Informed selection of analytes can help improve the success of Sirius T3 experiments. For example, this approach is easier to apply to highly soluble compounds (more than 1 mg/mL solubulity in 0.15 M KCl through the entire range of pH titration range at room temperature) with \(\hbox {p}{K}_{{\rm a}}\) values in the midrange (3<acidic \(\hbox {p}{K}_{{\rm a}}\)<10 and 4<basic \(\hbox {p}{K}_{{\rm a}}\)<11). There is no significant difference in difficulty between the measurements of monoprotic vs multiprotic compounds, as long as one of the \(\hbox {p}{K}_{{\rm a}}\) values of the multiprotic compound is in the midrange. For determining the log P of neutral species, it is sufficient to collect potentiometric titration data between the neutral state and the + 1 or − 1 charged states by titrating the pH region that captures the relevant \(\hbox {p}_{{\rm o}}{K}_{{\rm a}}\) values. It is not necessary to capture the titration of a second \(\hbox {p}{K}_{{\rm a}}\) (Fig. 2b).
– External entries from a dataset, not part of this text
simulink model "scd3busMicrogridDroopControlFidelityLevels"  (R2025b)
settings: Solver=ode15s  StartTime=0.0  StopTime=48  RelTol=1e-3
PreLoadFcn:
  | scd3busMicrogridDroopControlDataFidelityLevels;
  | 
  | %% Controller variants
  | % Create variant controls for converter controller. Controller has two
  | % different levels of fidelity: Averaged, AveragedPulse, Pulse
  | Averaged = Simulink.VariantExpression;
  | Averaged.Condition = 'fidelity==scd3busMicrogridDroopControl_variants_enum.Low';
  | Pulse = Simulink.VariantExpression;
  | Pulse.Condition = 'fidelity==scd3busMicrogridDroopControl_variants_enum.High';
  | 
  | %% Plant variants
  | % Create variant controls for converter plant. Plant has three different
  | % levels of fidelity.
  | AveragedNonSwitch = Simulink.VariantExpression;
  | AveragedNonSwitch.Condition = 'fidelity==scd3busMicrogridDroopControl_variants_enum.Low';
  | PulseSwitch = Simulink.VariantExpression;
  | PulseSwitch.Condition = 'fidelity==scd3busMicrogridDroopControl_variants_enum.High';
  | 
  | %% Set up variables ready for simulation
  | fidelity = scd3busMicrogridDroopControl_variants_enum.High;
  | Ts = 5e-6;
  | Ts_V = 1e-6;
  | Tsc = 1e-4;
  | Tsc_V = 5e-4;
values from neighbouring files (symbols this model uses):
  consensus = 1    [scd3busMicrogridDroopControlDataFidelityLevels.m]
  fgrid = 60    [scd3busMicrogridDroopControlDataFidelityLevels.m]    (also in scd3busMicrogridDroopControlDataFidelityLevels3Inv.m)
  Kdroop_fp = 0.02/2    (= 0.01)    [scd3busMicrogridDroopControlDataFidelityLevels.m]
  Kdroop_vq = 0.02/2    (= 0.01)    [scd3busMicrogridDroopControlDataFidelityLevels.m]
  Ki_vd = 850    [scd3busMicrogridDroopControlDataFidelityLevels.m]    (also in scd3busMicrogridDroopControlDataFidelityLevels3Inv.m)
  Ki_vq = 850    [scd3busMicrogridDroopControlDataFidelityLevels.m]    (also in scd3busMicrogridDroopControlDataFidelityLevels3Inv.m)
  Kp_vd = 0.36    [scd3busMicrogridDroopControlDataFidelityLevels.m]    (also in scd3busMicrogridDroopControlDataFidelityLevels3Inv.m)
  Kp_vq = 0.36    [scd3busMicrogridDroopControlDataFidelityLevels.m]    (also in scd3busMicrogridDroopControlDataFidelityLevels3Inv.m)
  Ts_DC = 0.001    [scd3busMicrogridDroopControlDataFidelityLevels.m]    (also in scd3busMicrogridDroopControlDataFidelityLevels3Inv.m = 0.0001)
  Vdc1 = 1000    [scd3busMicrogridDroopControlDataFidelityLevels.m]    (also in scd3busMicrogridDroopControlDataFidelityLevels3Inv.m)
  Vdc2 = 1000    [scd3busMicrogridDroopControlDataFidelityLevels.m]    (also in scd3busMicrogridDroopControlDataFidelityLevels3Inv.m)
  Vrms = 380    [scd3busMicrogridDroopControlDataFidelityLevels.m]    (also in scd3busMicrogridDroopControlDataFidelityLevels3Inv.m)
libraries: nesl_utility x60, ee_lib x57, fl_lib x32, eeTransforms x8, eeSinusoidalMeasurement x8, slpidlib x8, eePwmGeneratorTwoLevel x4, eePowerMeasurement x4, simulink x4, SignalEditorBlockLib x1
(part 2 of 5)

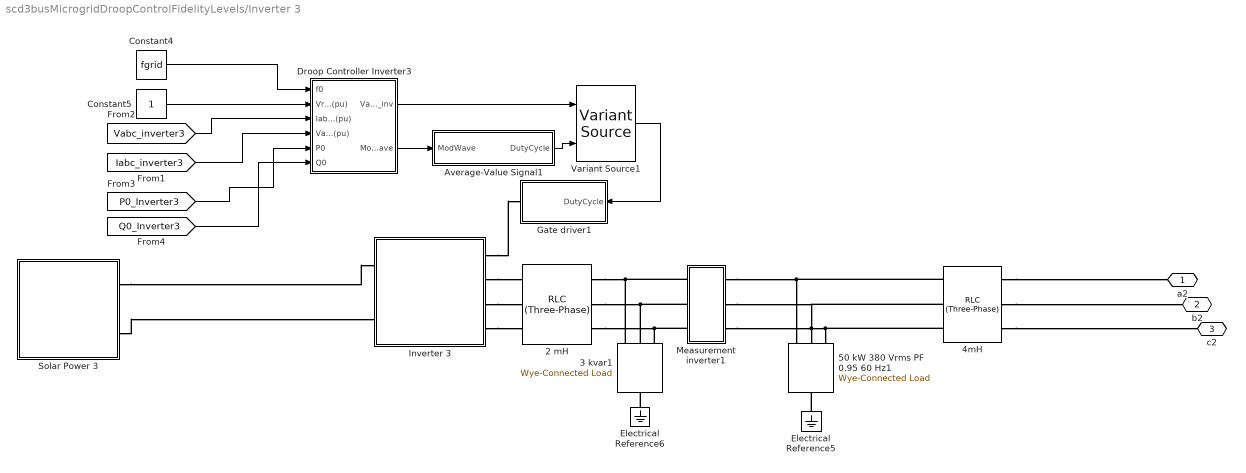
== system scd3busMicrogridDroopControlFidelityLevels/Inverter 3 ==
  2 mH : ee_lib/Passive/RLC Assemblies/RLC (Three-Phase)  port_option=ee.enum.threePhasePort.expanded  component_structure=ee.enum.rlc.structure.SeriesRL  R=0.02 Ohm  L=0.002 H  C=1 F  R_parasitic=1e-6 Ohm  G_parasitic=1e-6 1/Ohm  IL_specify=on  IL_priority=High  IL=[0, 0, 0] A  IL_nominal_specify=off  IL_nominal_value=1  IL_nominal_unit=A  VC_specify=on  VC_priority=High  VC=[0, 0, 0] V  VC_nominal_specify=off  VC_nominal_value=1  VC_nominal_unit=V
      settings: InternalSimscapePortConfiguration="{\"Bottom\":[],\"Left\":[{\"id\":\"a1\",\"label\":\"a1\",\"type\":\"foundation.electrical.electrical\"},{\"id\":\"b1\",\"label\":\"b1\",\"type\":\"foundation.electrical.electrical\"},{\"id\":\"c1\",\"label\":\"c1\",\"type\":\"foundation.electrical.electrical\"}],\"Right\":[{\"id\":\"a2\",\"label\":\"a2\",\"type\":\"foundation.electrical.electrical\"},{\"id\":\"b2\",\"label\":\"b2\",\"type\":\"foundation.electrical.electrical\"},{\"id\":\"c2\",\"label\":\"c2\",\"type\":\"foundation.electrical.electrical\"}],\"Top\":[]}"
  3 kvar1 : ee_lib/Passive/RLC Assemblies/Wye-Connected Load  port_option=ee.enum.threePhasePort.expanded  parameterization=ee.enum.rlc.parameterization.ratedpower  component_structure=ee.enum.rlc.structure.C  component_structure_PQ=ee.enum.rlc.structure.C  R=1 Ohm  L=0.001 H  C=1e-6 F  VRated=Vrms V  FRated=fgrid Hz  P=0 W  Qpos=0 A*V  Qneg=-3000 A*V  R_parasitic=1e-6 Ohm  G_parasitic=1e-6 1/Ohm  R_parasitic_PQ=1e-6 Ohm  G_parasitic_PQ=1e-6 1/Ohm  Vmag0=380 V  Vang0=0 deg  Freq0=60 Hz  IL_specify=on  IL_priority=High  IL=[ 0 0 0 ] A  IL_nominal_specify=off  IL_nominal_value=1  IL_nominal_unit=A  VC_specify=on  VC_priority=High  VC=[ 0 0 0 ] V  VC_nominal_specify=off  VC_nominal_value=1  VC_nominal_unit=V
      settings: InternalSimscapePortConfiguration="{\"Bottom\":[],\"Left\":[{\"id\":\"a\",\"label\":\"a\",\"type\":\"foundation.electrical.electrical\"},{\"id\":\"b\",\"label\":\"b\",\"type\":\"foundation.electrical.electrical\"},{\"id\":\"c\",\"label\":\"c\",\"type\":\"foundation.electrical.electrical\"}],\"Right\":[{\"id\":\"n\",\"label\":\"n\",\"type\":\"foundation.electrical.electrical\"}],\"Top\":[]}"
  "4mH " : ee_lib/Passive/RLC Assemblies/RLC (Three-Phase)  port_option=ee.enum.threePhasePort.expanded  component_structure=ee.enum.rlc.structure.SeriesRL  R=0.025 Ohm  L=0.004 H  C=1 F  R_parasitic=1e-6 Ohm  G_parasitic=1e-6 1/Ohm  IL_specify=on  IL_priority=High  IL=[0, 0, 0] A  IL_nominal_specify=off  IL_nominal_value=1  IL_nominal_unit=A  VC_specify=on  VC_priority=High  VC=[0, 0, 0] V  VC_nominal_specify=off  VC_nominal_value=1  VC_nominal_unit=V
      settings: InternalSimscapePortConfiguration="{\"Bottom\":[],\"Left\":[{\"id\":\"a1\",\"label\":\"a1\",\"type\":\"foundation.electrical.electrical\"},{\"id\":\"b1\",\"label\":\"b1\",\"type\":\"foundation.electrical.electrical\"},{\"id\":\"c1\",\"label\":\"c1\",\"type\":\"foundation.electrical.electrical\"}],\"Right\":[{\"id\":\"a2\",\"label\":\"a2\",\"type\":\"foundation.electrical.electrical\"},{\"id\":\"b2\",\"label\":\"b2\",\"type\":\"foundation.electrical.electrical\"},{\"id\":\"c2\",\"label\":\"c2\",\"type\":\"foundation.electrical.electrical\"}],\"Top\":[]}"
  50 kW 380 Vrms PF 0.95 60 Hz1 : ee_lib/Passive/RLC Assemblies/Wye-Connected Load  port_option=ee.enum.threePhasePort.expanded  parameterization=2  component_structure=1  component_structure_PQ=ee.enum.rlc.structure.ParallelRL  R=1 Ohm  L=0.001 H  C=1e-6 F  VRated=Vrms V  FRated=fgrid Hz  P=50000 W  Qpos=50000*sqrt(1-0.95^2)/0.95 V*A  Qneg=-3000 V*A  R_parasitic=1e-6 Ohm  G_parasitic=1e-6 1/Ohm  R_parasitic_PQ=1e-6 Ohm  G_parasitic_PQ=1e-6 1/Ohm  Vmag0=380 V  Vang0=0 deg  Freq0=60 Hz  IL_specify=on  IL_priority=High  IL=[ 0 0 0 ] A  IL_nominal_specify=off  IL_nominal_value=1  IL_nominal_unit=A  VC_specify=on  VC_priority=High  VC=[ 0 0 0 ] V  VC_nominal_specify=off  VC_nominal_value=1  VC_nominal_unit=V
      settings: InternalSimscapePortConfiguration="{\"Bottom\":[],\"Left\":[{\"id\":\"a\",\"label\":\"a\",\"type\":\"foundation.electrical.electrical\"},{\"id\":\"b\",\"label\":\"b\",\"type\":\"foundation.electrical.electrical\"},{\"id\":\"c\",\"label\":\"c\",\"type\":\"foundation.electrical.electrical\"}],\"Right\":[{\"id\":\"n\",\"label\":\"n\",\"type\":\"foundation.electrical.electrical\"}],\"Top\":[]}"
  Average-Value Signal1 : Subsystem
  Constant4 : Constant  Value=fgrid
  Constant5 : Constant
  Droop Controller Inverter3 : Subsystem
  Electrical Reference5 : fl_lib/Electrical/Electrical Elements/Electrical Reference
  Electrical Reference6 : fl_lib/Electrical/Electrical Elements/Electrical Reference
  Gate driver1 : Subsystem
  Inverter 3 : Subsystem  Variant=on  VariantControl=Choice
  Measurement inverter1 : Subsystem
  Solar Power 3 : Subsystem
  Variant Source1 : VariantSource  ShowConditionOnBlock=on  VariantControls={Pulse, Averaged}
  a2 : PMIOPort  Side=Right
  b2 : PMIOPort  Port=2  Side=Right
  c2 : PMIOPort  Port=3  Side=Right
  wires:
  Variant Source1/1 -> Gate driver1/1(DutyCycle)
  Droop Controller Inverter3/2(ModWave) -> Average-Value Signal1/1(ModWave)
  [P0_Inverter3] -> Droop Controller Inverter3/5(P0)
  [Vabc_inverter3] -> Droop Controller Inverter3/3(Iabc (pu))
  Constant4/1 -> Droop Controller Inverter3/1(f0)
  Constant5/1 -> Droop Controller Inverter3/2(Vref (pu))
  [Iabc_inverter3] -> Droop Controller Inverter3/4(Vabc (pu))
  Droop Controller Inverter3/1(Vabc_inv) -> Variant Source1/1
  [Q0_Inverter3] -> Droop Controller Inverter3/6(Q0)
  Average-Value Signal1/1(DutyCycle) -> Variant Source1/2
  connections:
  50 kW 380 Vrms PF 0.95 60 Hz1/LConn2 -- Measurement inverter1/RConn2 -- "4mH "/LConn2
  50 kW 380 Vrms PF 0.95 60 Hz1/LConn3 -- Measurement inverter1/RConn3 -- "4mH "/LConn3
  "4mH "/RConn1 -- a2/RConn1
  Inverter 3/LConn3 -- 2 mH/LConn2
  "4mH "/LConn1 -- Measurement inverter1/RConn1 -- 50 kW 380 Vrms PF 0.95 60 Hz1/LConn1
  Solar Power 3/RConn2 -- Inverter 3/RConn2
  "4mH "/RConn3 -- c2/RConn1
  Electrical Reference6/LConn1 -- 3 kvar1/RConn1
  Inverter 3/LConn4 -- 2 mH/LConn3
  "4mH "/RConn2 -- b2/RConn1
  Electrical Reference5/LConn1 -- 50 kW 380 Vrms PF 0.95 60 Hz1/RConn1
  2 mH/RConn2 -- Measurement inverter1/LConn2 -- 3 kvar1/LConn2
  2 mH/RConn3 -- Measurement inverter1/LConn3 -- 3 kvar1/LConn3
  Solar Power 3/RConn1 -- Inverter 3/RConn1
  2 mH/RConn1 -- Measurement inverter1/LConn1 -- 3 kvar1/LConn1
  Inverter 3/LConn2 -- 2 mH/LConn1
  Inverter 3/LConn1 -- Gate driver1/RConn1

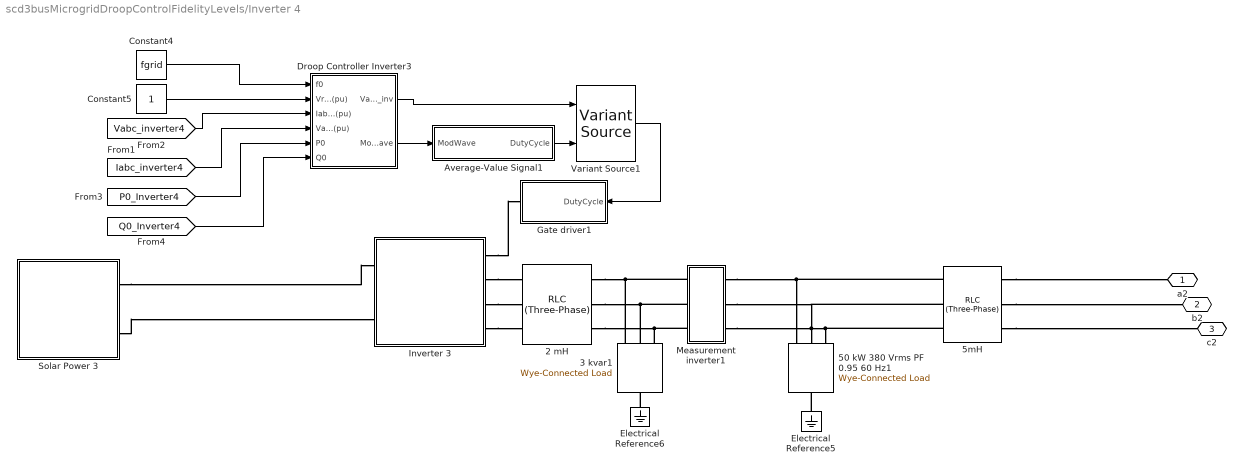
== system scd3busMicrogridDroopControlFidelityLevels/Inverter 4 ==
  2 mH : ee_lib/Passive/RLC Assemblies/RLC (Three-Phase)  port_option=ee.enum.threePhasePort.expanded  component_structure=ee.enum.rlc.structure.SeriesRL  R=0.02 Ohm  L=0.002 H  C=1 F  R_parasitic=1e-6 Ohm  G_parasitic=1e-6 1/Ohm  IL_specify=on  IL_priority=High  IL=[0, 0, 0] A  IL_nominal_specify=off  IL_nominal_value=1  IL_nominal_unit=A  VC_specify=on  VC_priority=High  VC=[0, 0, 0] V  VC_nominal_specify=off  VC_nominal_value=1  VC_nominal_unit=V
      settings: InternalSimscapePortConfiguration="{\"Bottom\":[],\"Left\":[{\"id\":\"a1\",\"label\":\"a1\",\"type\":\"foundation.electrical.electrical\"},{\"id\":\"b1\",\"label\":\"b1\",\"type\":\"foundation.electrical.electrical\"},{\"id\":\"c1\",\"label\":\"c1\",\"type\":\"foundation.electrical.electrical\"}],\"Right\":[{\"id\":\"a2\",\"label\":\"a2\",\"type\":\"foundation.electrical.electrical\"},{\"id\":\"b2\",\"label\":\"b2\",\"type\":\"foundation.electrical.electrical\"},{\"id\":\"c2\",\"label\":\"c2\",\"type\":\"foundation.electrical.electrical\"}],\"Top\":[]}"
  3 kvar1 : ee_lib/Passive/RLC Assemblies/Wye-Connected Load  port_option=ee.enum.threePhasePort.expanded  parameterization=ee.enum.rlc.parameterization.ratedpower  component_structure=ee.enum.rlc.structure.C  component_structure_PQ=ee.enum.rlc.structure.C  R=1 Ohm  L=0.001 H  C=1e-6 F  VRated=Vrms V  FRated=fgrid Hz  P=0 W  Qpos=0 A*V  Qneg=-3000 A*V  R_parasitic=1e-6 Ohm  G_parasitic=1e-6 1/Ohm  R_parasitic_PQ=1e-6 Ohm  G_parasitic_PQ=1e-6 1/Ohm  Vmag0=380 V  Vang0=0 deg  Freq0=60 Hz  IL_specify=on  IL_priority=High  IL=[ 0 0 0 ] A  IL_nominal_specify=off  IL_nominal_value=1  IL_nominal_unit=A  VC_specify=on  VC_priority=High  VC=[ 0 0 0 ] V  VC_nominal_specify=off  VC_nominal_value=1  VC_nominal_unit=V
      settings: InternalSimscapePortConfiguration="{\"Bottom\":[],\"Left\":[{\"id\":\"a\",\"label\":\"a\",\"type\":\"foundation.electrical.electrical\"},{\"id\":\"b\",\"label\":\"b\",\"type\":\"foundation.electrical.electrical\"},{\"id\":\"c\",\"label\":\"c\",\"type\":\"foundation.electrical.electrical\"}],\"Right\":[{\"id\":\"n\",\"label\":\"n\",\"type\":\"foundation.electrical.electrical\"}],\"Top\":[]}"
  50 kW 380 Vrms PF 0.95 60 Hz1 : ee_lib/Passive/RLC Assemblies/Wye-Connected Load  port_option=ee.enum.threePhasePort.expanded  parameterization=2  component_structure=1  component_structure_PQ=ee.enum.rlc.structure.ParallelRL  R=1 Ohm  L=0.001 H  C=1e-6 F  VRated=Vrms V  FRated=fgrid Hz  P=50000 W  Qpos=50000*sqrt(1-0.95^2)/0.95 V*A  Qneg=-3000 V*A  R_parasitic=1e-6 Ohm  G_parasitic=1e-6 1/Ohm  R_parasitic_PQ=1e-6 Ohm  G_parasitic_PQ=1e-6 1/Ohm  Vmag0=380 V  Vang0=0 deg  Freq0=60 Hz  IL_specify=on  IL_priority=High  IL=[ 0 0 0 ] A  IL_nominal_specify=off  IL_nominal_value=1  IL_nominal_unit=A  VC_specify=on  VC_priority=High  VC=[ 0 0 0 ] V  VC_nominal_specify=off  VC_nominal_value=1  VC_nominal_unit=V
      settings: InternalSimscapePortConfiguration="{\"Bottom\":[],\"Left\":[{\"id\":\"a\",\"label\":\"a\",\"type\":\"foundation.electrical.electrical\"},{\"id\":\"b\",\"label\":\"b\",\"type\":\"foundation.electrical.electrical\"},{\"id\":\"c\",\"label\":\"c\",\"type\":\"foundation.electrical.electrical\"}],\"Right\":[{\"id\":\"n\",\"label\":\"n\",\"type\":\"foundation.electrical.electrical\"}],\"Top\":[]}"
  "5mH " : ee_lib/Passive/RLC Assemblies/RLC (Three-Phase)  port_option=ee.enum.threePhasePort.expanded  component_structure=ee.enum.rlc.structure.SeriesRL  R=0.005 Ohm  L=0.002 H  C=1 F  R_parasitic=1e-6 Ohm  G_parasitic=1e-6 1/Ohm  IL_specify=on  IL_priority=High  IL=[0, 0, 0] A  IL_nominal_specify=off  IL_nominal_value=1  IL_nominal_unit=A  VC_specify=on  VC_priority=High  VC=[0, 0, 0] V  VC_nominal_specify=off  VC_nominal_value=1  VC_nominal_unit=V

Our opinion is that log D measurements at a buffered pH can be much more easily obtained in a higher throughput fashion using miniaturized shake-flask measurements, such as those used in SAMPL5 log D Challenge experimental data collection [21]. To obtain log P values from experiments that were designed to measure log Ds, it is necessary to measure the \(\hbox {p}{K}_{{\rm a}}\) of compounds (such as with the Sirius T3) and conduct log D measurements using a buffered aqueous phase at a pH that will ensure that the analyte is completely in the neutral state. According to our experience, optimizing \(\hbox {p}{K}_{{\rm a}}\) measurements with the Sirius T3 is significantly easier than optimizing log P measurements, especially if a spectrophotometric (UV-metric) \(\hbox {p}{K}_{{\rm a}}\) method can be used instead of potentiometric, which is not an option for log P measurements.

Conclusion

This study reports the collection of experimental data for the SAMPL6 Part II log P Blind Prediction Challenge. In the physicochemical property prediction challenge components of SAMPL6, we aimed to separately evaluate performance of computational methods for predicting ionization (\(\hbox {p}{K}_{{\rm a}}\)) and nonaqeuous partitioning (log P) of small molecules, collecting experimental data for these properties on the same set of compounds and fielding sequential, independent prediction challenges. While we attempted to measure octanol–water log P for all compounds in the SAMPL6 \(\hbox {p}{K}_{{\rm a}}\) Challenge set—consisting of 24 compounds that resemble fragments of kinase inhibitors—experimental limitations of the Sirius T3 potentiometric log P method meant that reliable log P measurements could only be performed for 11 of these compounds. The resulting compound set had meaured log P values in the range of 1.95–4.09. This set included six molecules with 4-aminoquinazoline scaffolds, and two molecules with benzimidazole scaffolds. Although the chemical diversity and number of compounds was rather limited, blind high-quality log P datasets are rare, and still highly valuable for evaluating the performance of computational predictions. Therefore, the SAMPL6 Part II log P Blind Prediction Challenge was held between November 1, 2018 and March 22 ,2019 using the log P measurements presented in this paper. This dataset can be utilized as part of a benchmark set for the assessment of future log P predictions methods.